# Figuring out the floor strength for a large aquarium?



## jilly (Mar 23, 2008)

My biggest tank right now is a 20 gallon, set on an old, sturdy bureau. I'm looking to move to a 75 gallon or larger tank.. I was reading some of the weights on larger tanks, filled, and they can be about 600 pounds or so! (yikes!)
How can I tell if a floor is gonig to hold it with no problems? I live an an older house that I am renting, built back in the 30's.. I could put it in the basement, but I really would prefer it in the living room so I can see it more!

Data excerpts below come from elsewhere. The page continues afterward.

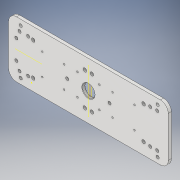
# Autodesk Inventor part: Base Plate New
Saved by Autodesk Inventor 2019 (Build 230136000, 136)
## iProperties
Created: 2019-10-06
Part Number: Base Plate New
Material: UHMW, White
Document SubType Name: Modeling
Designer: robgr
Density: 0.94 g/cm^3
Appearance: Smooth - White
Mass: 52.7671 g
Surface Area: 319.531 cm^2
Volume: 56.1352 cm^3
Author: robgr
Autodesk Inventor part; units mm, degrees
(part 1 of 2)
ref_plane "YZ Plane" through (0, 0, 0) normal (1, 0, 0) x (0, 1, 0)
sketch "Sketch1" plane through (0, 0, 0) normal (0, 0, 1) x (1, 0, 0)
  line L0 (-19.3782, 63.0791) -> (164.6218, 63.0791)
  line L1 (174.6218, 53.0791) -> (174.6218, 1.0791)
  line L2 (164.6218, -8.9209) -> (-19.3782, -8.9209)
  line L3 (-29.3782, 1.0791) -> (-29.3782, 53.0791)
  arc A0 (-19.3782, 63.0791) -> (-29.3782, 53.0791) centre (-19.3782, 53.0791) ccw
  arc A1 (-29.3782, 1.0791) -> (-19.3782, -8.9209) centre (-19.3782, 1.0791) ccw
  arc A2 (164.6218, -8.9209) -> (174.6218, 1.0791) centre (164.6218, 1.0791) ccw
  arc A3 (174.6218, 53.0791) -> (164.6218, 63.0791) centre (164.6218, 53.0791) ccw
  point P0 (0, 0)
  point P1 (-29.3782, 63.0791)
  point P2 (174.6218, -8.9209)
  point P3 (-29.3782, -8.9209)
  dimension "d0" = 204
  dimension "d1" = 72
  dimension "d2" = 10
  constraints: 8 end point, 8 point on circle, 8 tangent, 6 point on line, 4 centre point, 3 equal radius, 2 parallel, 1 horizontal, 1 perpendicular
  measures "d0" distance of point (174.622, -8.921) point (-29.378, -8.921)
  measures "d1" distance of point (-29.378, -8.921) point (-29.378, 63.079)
  measures "d2" radius of A0
extrude "Extrusion1" add sketch "Sketch1" along normal blind 4
sketch "Sketch3" plane through (0, 0, 0) normal (0, 0, -1) x (-1, 0, 0)
  circle A0 centre (19.3782, 39.5791) radius 2
  line L0 (29.3782, 1.0791) -> (29.3782, 53.0791) projected
  circle A1 centre (19.3782, 14.5791) radius 2
  circle A2 centre (19.3782, 53.0791) radius 2 projected
  circle A3 centre (19.3782, 1.0791) radius 2 projected
  line L1 (29.3782, 53.0791) -> (29.3782, 1.0791) projected
  line L2 (29.3782, 27.0791) -> (-174.6218, 27.0791)
  line L3 (-174.6218, 1.0791) -> (-174.6218, 53.0791) projected
  point P0 (0, 0)
  dimension "d10" = 4
  dimension "d15" = 25
  dimension "d16" = 12.5
  constraints: 2 centre point, 2 end point, 2 midpoint
  measures "d10" diameter of A0
  measures "d15" distance of A1.centre A0.centre
  measures "d16" distance from line of L2 A0.centre
extrude "Extrusion3" cut sketch "Sketch3" against normal blind 6 contours A0 | A1
sketch "Sketch4" plane through (0, 0, 4) normal (0, 0, 1) x (1, 0, 0)
  circle A0 centre (-4.3782, 5.0791) radius 2
  circle A1 centre (-19.3782, 14.5791) radius 2 projected
  circle A2 centre (-4.3782, 49.0791) radius 2
  circle A3 centre (-19.3782, 39.5791) radius 2 projected
  line L0 (164.6218, 63.0791) -> (-19.3782, 63.0791) projected
  line L1 (72.6218, 63.0791) -> (72.6218, -8.9209)
  line L2 (-19.3782, -8.9209) -> (164.6218, -8.9209) projected
  circle A4 centre (151.6218, 5.0791) radius 2
  circle A5 centre (151.6218, 49.0791) radius 2
  line L3 (174.6218, 1.0791) -> (174.6218, 53.0791) projected
  line L4 (-29.3782, 53.0791) -> (-29.3782, 1.0791) projected
  point P0 (0, 0)
  dimension "d17" = 4
  dimension "d19" = 4
  dimension "d37" = 23
  dimension "d38" = 14
  dimension "d39" = 14
  dimension "d40" = 23
  dimension "d41" = 25
  dimension "d42" = 14
  dimension "d43" = 25
  dimension "d44" = 14
  constraints: 4 centre point, 2 end point, 2 midpoint
  measures "d17" diameter of A0
  measures "d19" diameter of A2
  measures "d37" distance from line of L3 A4.centre
  measures "d38" distance from line of L2 A4.centre
  measures "d39" distance from line of L0 A5.centre
  measures "d40" distance from line of L3 A5.centre
  measures "d41" distance from line of L4 A2.centre
  measures "d42" distance from line of L0 A2.centre
  measures "d43" distance from line of L4 A0.centre
  measures "d44" distance from line of L2 A0.centre
extrude "Extrusion4" cut sketch "Sketch4" against normal blind 60 contours A0 | A2 | A4 | A5
ref_plane "Work Plane1" through (74.6218, 1.0791, 0) normal (1, 0, 0) x (0, 0, -1)
ref_plane "Work Plane2" through (-19.3782, 27.0791, 0) normal (0, -1, 0) x (1, 0, 0)
ref_plane "Work Plane3" through (-19.3782, 27.0791, 4) normal (0, 1, 0) x (1, 0, 0)
sketch "Sketch7" plane through (0, 0, 4) normal (0, 0, 1) x (1, 0, 0)
  point P0 (0, 0)
sketch "Sketch8" plane through (0, 0, 4) normal (0, 0, 1) x (1, 0, 0)
  circle A0 centre (-13.8782, -1.9209) radius 2
  line L0 (-19.3782, -8.9209) -> (164.6218, -8.9209) projected
  line L1 (-29.3782, 53.0791) -> (-29.3782, 1.0791) projected
  circle A1 centre (-13.8782, 56.0791) radius 2
  line L2 (164.6218, 63.0791) -> (-19.3782, 63.0791) projected
  circle A2 centre (161.1218, 56.0791) radius 2
  line L3 (174.6218, 1.0791) -> (174.6218, 53.0791) projected
  circle A3 centre (161.1218, -1.9209) radius 2
  point P0 (0, 0)
  dimension "d45" = 4
  dimension "d46" = 7
  dimension "d47" = 15.5
  dimension "d48" = 4
  dimension "d49" = 7
  dimension "d50" = 15.5
  dimension "d51" = 4
  dimension "d52" = 7
  dimension "d53" = 13.5
  constraints: 4 centre point
  measures "d45" diameter of A0
  measures "d46" distance from line of L0 A0.centre
  measures "d47" distance from line of L1 A0.centre
  measures "d48" diameter of A1
  measures "d49" distance from line of L2 A1.centre
  measures "d50" distance from line of L1 A1.centre
  measures "d51" diameter of A2
  measures "d52" distance from line of L2 A2.centre
  measures "d53" distance from line of L3 A2.centre
extrude "Extrusion6" cut sketch "Sketch8" against normal blind 10
sketch "Sketch9" plane through (0, 0, 4) normal (0, 0, 1) x (1, 0, 0)
  line L0 (-29.3782, 53.0791) -> (-29.3782, 1.0791) projected
  line L1 (-29.3782, 27.0791) -> (174.6218, 27.0791)
  line L2 (174.6218, 53.0791) -> (174.6218, 1.0791) projected
  line L3 (164.6218, 63.0791) -> (-19.3782, 63.0791) projected
  line L4 (72.6218, 63.0791) -> (72.6218, -8.9209)
  line L5 (164.6218, -8.9209) -> (-19.3782, -8.9209) projected
  circle A0 centre (72.6218, 27.0791) radius 8
  circle A1 centre (13.7163, 41.0791) radius 1
  circle A2 centre (41.7163, 41.0791) radius 1.0089
  circle A3 centre (41.7163, 13.0791) radius 1
  circle A4 centre (13.7163, 13.0791) radius 1
  circle A5 centre (77.0888, 48.0791) radius 2.225
  circle A6 centre (143.1888, 48.0791) radius 2.225
  circle A7 centre (143.1888, 6.0791) radius 2.225
  circle A8 centre (77.0888, 6.0791) radius 2.225
  point P0 (0, 0)
  dimension "d56" = 16
  dimension "d57" = 2
  dimension "d58" = 2
  dimension "d59" = 28
  dimension "d60" = 28
  dimension "d61" = 28
  dimension "d62" = 28
  dimension "d63" = 22
  dimension "d64" = 4.45
  dimension "d65" = 66.1
  dimension "d66" = 4.45
  dimension "d67" = 42
  dimension "d68" = 42
  dimension "d69" = 66.1
  dimension "d70" = 15
  dimension "d71" = 15
  dimension "d73" = 22
  constraints: 9 centre point, 5 midpoint, 4 end point
  measures "d56" diameter of A0
  measures "d57" diameter of A1
  measures "d58" diameter of A3
  measures "d59" distance of A2.centre A1.centre
  measures "d60" distance of A4.centre A1.centre
  measures "d61" distance of A3.centre A4.centre
  measures "d62" distance of A2.centre A3.centre
  measures "d63" distance from line of L3 A1.centre
  measures "d64" diameter of A5
  measures "d65" distance of A5.centre A6.centre
  measures "d66" diameter of A7
  measures "d67" distance of A7.centre A6.centre
  measures "d68" distance of A8.centre A5.centre
  measures "d69" distance of A7.centre A8.centre
  measures "d70" distance from line of L3 A5.centre
  measures "d71" distance from line of L5 A8.centre
  measures "d73" distance from line of L5 A4.centre
extrude "Extrusion7" cut sketch "Sketch9" against normal blind 10
ref_plane "Work Plane4" through (72.6218, 1.0791, 0) normal (1, 0, 0) x (0, 0, -1)
mirror "Mirror2" about plane through (72.6218, 1.0791, 0) normal (1, 0, 0) of "Extrusion7"
sketch "Sketch10" plane through (0, 0, 4) normal (0, 0, 1) x (1, 0, 0)
  line L0 (164.6218, 63.0791) -> (-19.3782, 63.0791) projected
  line L1 (72.6218, 63.0791) -> (72.6218, -8.9209)
  line L2 (-19.3782, -8.9209) -> (164.6218, -8.9209) projected
  line L3 (-29.3782, 53.0791) -> (-29.3782, 1.0791) projected
  line L4 (-29.3782, 27.0791) -> (174.6218, 27.0791)
  line L5 (174.6218, 1.0791) -> (174.6218, 53.0791) projected
  circle A0 centre (-15.3782, 49.0791) radius 2
  circle A1 centre (160.6218, 49.0791) radius 2
  circle A2 centre (-15.3782, 5.0791) radius 2
  circle A3 centre (160.6218, 5.0791) radius 2
  point P0 (0, 0)
  dimension "d77" = 4
  dimension "d78" = 14
  dimension "d79" = 14
  constraints: 4 centre point, 4 end point, 4 midpoint, 3 symmetric about line, 3 other
  measures "d77" diameter of A0
  measures "d78" distance from line of L0 A0.centre
  measures "d79" distance from line of L3 A0.centre
extrude "Extrusion8" cut sketch "Sketch10" against normal blind 10
sketch "Sketch11" plane through (0, 0, 4) normal (0, 0, 1) x (1, 0, 0)
  circle A0 centre (58.6218, 13.0791) radius 1.1
  circle A1 centre (58.6218, 41.0791) radius 1.1
  circle A2 centre (86.6218, 41.0791) radius 1.1
  circle A3 centre (86.6218, 13.0791) radius 1.1
  circle A4 centre (72.6218, 27.0791) radius 8 projected
  point P0 (0, 0)
  dimension "d82" = 2.2
  dimension "d83" = 2.2
  dimension "d84" = 2.2
  dimension "d85" = 28
  dimension "d86" = 28
  dimension "d87" = 28
  dimension "d88" = 28
  dimension "d89" = 14
  dimension "d90" = 14
  dimension "d91" = 14
  dimension "d92" = 14
  constraints: 4 centre point
  measures "d82" diameter of A0
  measures "d83" diameter of A1
  measures "d84" diameter of A2
  measures "d85" distance of A2.centre A1.centre
  measures "d86" distance of A1.centre A0.centre
  measures "d87" distance of A3.centre A0.centre
  measures "d88" distance of A2.centre A3.centre
  measures "d89" horizontal distance of A0.centre A4.centre
  measures "d90" horizontal distance of A3.centre A4.centre
  measures "d91" horizontal distance of A2.centre A4.centre
  measures "d92" horizontal distance of A4.centre A1.centre
extrude "Extrusion9" cut sketch "Sketch11" against normal blind 10 contours A0 | A1 | A2 | A3
fillet "Fillet1" radius 0.5 2 edges at (64.6218, 27.0791, 4) (64.6218, 27.0791, 0)
sketch "Sketch12" plane through (0, 0, 4) normal (0, 0, 1) x (1, 0, 0)
  line L0 (-29.3782, 1.0791) -> (-29.3782, 53.0791) projected
  line L1 (-29.3782, 27.0791) -> (174.6218, 27.0791)
  line L2 (174.6218, 53.0791) -> (174.6218, 1.0791) projected
  circle A0 centre (45.6218, 27.0791) radius 2
  circle A1 centre (99.6218, 27.0791) radius 2
  point P0 (0, 0)
  dimension "d96" = 4
  dimension "d97" = 4
  dimension "d98" = 75
  dimension "d99" = 75
  constraints: 2 centre point, 2 end point, 2 midpoint, 2 point on line
  measures "d96" diameter of A0
  measures "d97" diameter of A1
  measures "d98" distance from line of L0 A0.centre
  measures "d99" distance from line of L2 A1.centre
extrude "Extrusion10" cut sketch "Sketch12" against normal blind 10
sketch "Sketch13" plane through (0, 0, 0) normal (0, 0, -1) x (-1, 0, 0)
  line L0 (-128.4589, -1.8253) -> (-20.3883, -1.8253) construction
  line L1 (-20.3883, -1.8253) -> (-20.3883, -5.9209) construction
  line L2 (-20.3883, -5.9209) -> (-128.4589, -5.9209) construction
  line L3 (-128.4589, -5.9209) -> (-128.4589, -1.8253) construction
  line L4 (-164.6218, -8.9209) -> (19.3782, -8.9209) projected
  line L5 (-60.6379, 54.6498) -> (-88.5532, 54.6498) construction
  line L6 (-88.5532, 54.6498) -> (-88.5532, 60.0791) construction
  line L7 (-88.5532, 60.0791) -> (-60.6379, 60.0791) construction
  line L8 (-60.6379, 60.0791) -> (-60.6379, 54.6498) construction
  line L9 (19.3782, 63.0791) -> (-164.6218, 63.0791) projected
  line L10 (-125.7913, -5.029) -> (-126.3174, -5.029)
  line L11 (-126.3174, -5.029) -> (-127.2807, -3.8162)
  line L12 (-127.2807, -3.8162) -> (-127.7451, -3.8162)
  line L13 (-127.7451, -3.8162) -> (-127.7451, -5.029)
  line L14 (-127.7451, -5.029) -> (-128.1501, -5.029)
  line L15 (-128.1501, -5.029) -> (-128.1501, -1.981)
  line L16 (-128.1501, -1.981) -> (-127.3647, -1.981)
  spline S0 degree 2 poles (-127.3647, -1.981) (-127.1029, -1.981) (-126.7496, -2.0378) (-126.5891, -2.1415) knots 0 0 0 1 2 2 2
  spline S1 degree 2 poles (-126.5891, -2.1415) (-126.4285, -2.2452) (-126.2433, -2.5688) (-126.2433, -2.8084) knots 0 0 0 1 2 2 2
  spline S2 degree 2 poles (-126.2433, -2.8084) (-126.2433, -3.1419) (-126.5841, -3.5939) (-126.8756, -3.7026) knots 0 0 0 1 2 2 2
  line L17 (-126.8756, -3.7026) -> (-125.7913, -5.029)
  spline S3 degree 2 poles (-126.6657, -2.8405) (-126.6657, -2.7071) (-126.7595, -2.5021) (-126.8583, -2.4354) knots 0 0 0 1 2 2 2
  spline S4 degree 2 poles (-126.8583, -2.4354) (-126.9448, -2.3786) (-127.1745, -2.3317) (-127.3424, -2.3317) knots 0 0 0 1 2 2 2
  line L18 (-127.3424, -2.3317) -> (-127.7451, -2.3317)
  line L19 (-127.7451, -2.3317) -> (-127.7451, -3.4778)
  line L20 (-127.7451, -3.4778) -> (-127.3894, -3.4778)
  spline S5 degree 2 poles (-127.3894, -3.4778) (-127.214, -3.4778) (-126.9349, -3.416) (-126.8386, -3.3197) knots 0 0 0 1 2 2 2
  spline S6 degree 2 poles (-126.8386, -3.3197) (-126.7496, -3.2357) (-126.6657, -2.9986) (-126.6657, -2.8405) knots 0 0 0 1 2 2 2
  spline S7 degree 2 poles (-123.6992, -3.8853) (-123.6992, -4.4633) (-124.2549, -5.0932) (-124.7193, -5.0932) knots 0 0 0 1 2 2 2
  spline S8 degree 2 poles (-124.7193, -5.0932) (-125.196, -5.0932) (-125.7419, -4.4436) (-125.7419, -3.8853) knots 0 0 0 1 2 2 2
  spline S9 degree 2 poles (-125.7419, -3.8853) (-125.7419, -3.3123) (-125.1787, -2.6775) (-124.7193, -2.6775) knots 0 0 0 1 2 2 2
  spline S10 degree 2 poles (-124.7193, -2.6775) (-124.2549, -2.6775) (-123.6992, -3.3098) (-123.6992, -3.8853) knots 0 0 0 1 2 2 2
  spline S11 degree 2 poles (-124.0968, -3.8853) (-124.0968, -3.4407) (-124.4204, -3.0085) (-124.7193, -3.0085) knots 0 0 0 1 2 2 2
  spline S12 degree 2 poles (-124.7193, -3.0085) (-125.0182, -3.0085) (-125.3442, -3.4407) (-125.3442, -3.8853) knots 0 0 0 1 2 2 2
  spline S13 degree 2 poles (-125.3442, -3.8853) (-125.3442, -4.3176) (-125.0182, -4.7622) (-124.7193, -4.7622) knots 0 0 0 1 2 2 2
  spline S14 degree 2 poles (-124.7193, -4.7622) (-124.4229, -4.7622) (-124.0968, -4.325) (-124.0968, -3.8853) knots 0 0 0 1 2 2 2
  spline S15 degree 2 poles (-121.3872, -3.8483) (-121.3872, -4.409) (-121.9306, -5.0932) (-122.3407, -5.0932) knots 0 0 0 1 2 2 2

Any hints/ideas/horror stories?


----------



## emc7 (Jul 23, 2005)

termite inspection.


----------



## Chrispy (Oct 28, 2007)

it will hold........ there is another thread on this. so unless you have termites. it will hold......


----------



## emc7 (Jul 23, 2005)

Solid base cabinet to spread out the weight. If the stand has little feet, put a board under it.


----------



## TheOldSalt (Jan 28, 2005)

Weight distribution is the key. Put something under the tank that will spread it's weight out evenly, like a sheet of plywood. That isn't an absolute fix, and certainly won't help much if the floor creaks in that spot when you step on it, but it's a big help.


----------



## COM (Mar 15, 2008)

Look in your basement. Try to keep the tank close to a support column or a heavy iron or thick wood beam. You most likely won't have a problem in an older home because builders used better quality wood back then and lots of brick or concrete floor support columns. Definitely check for termites too.


----------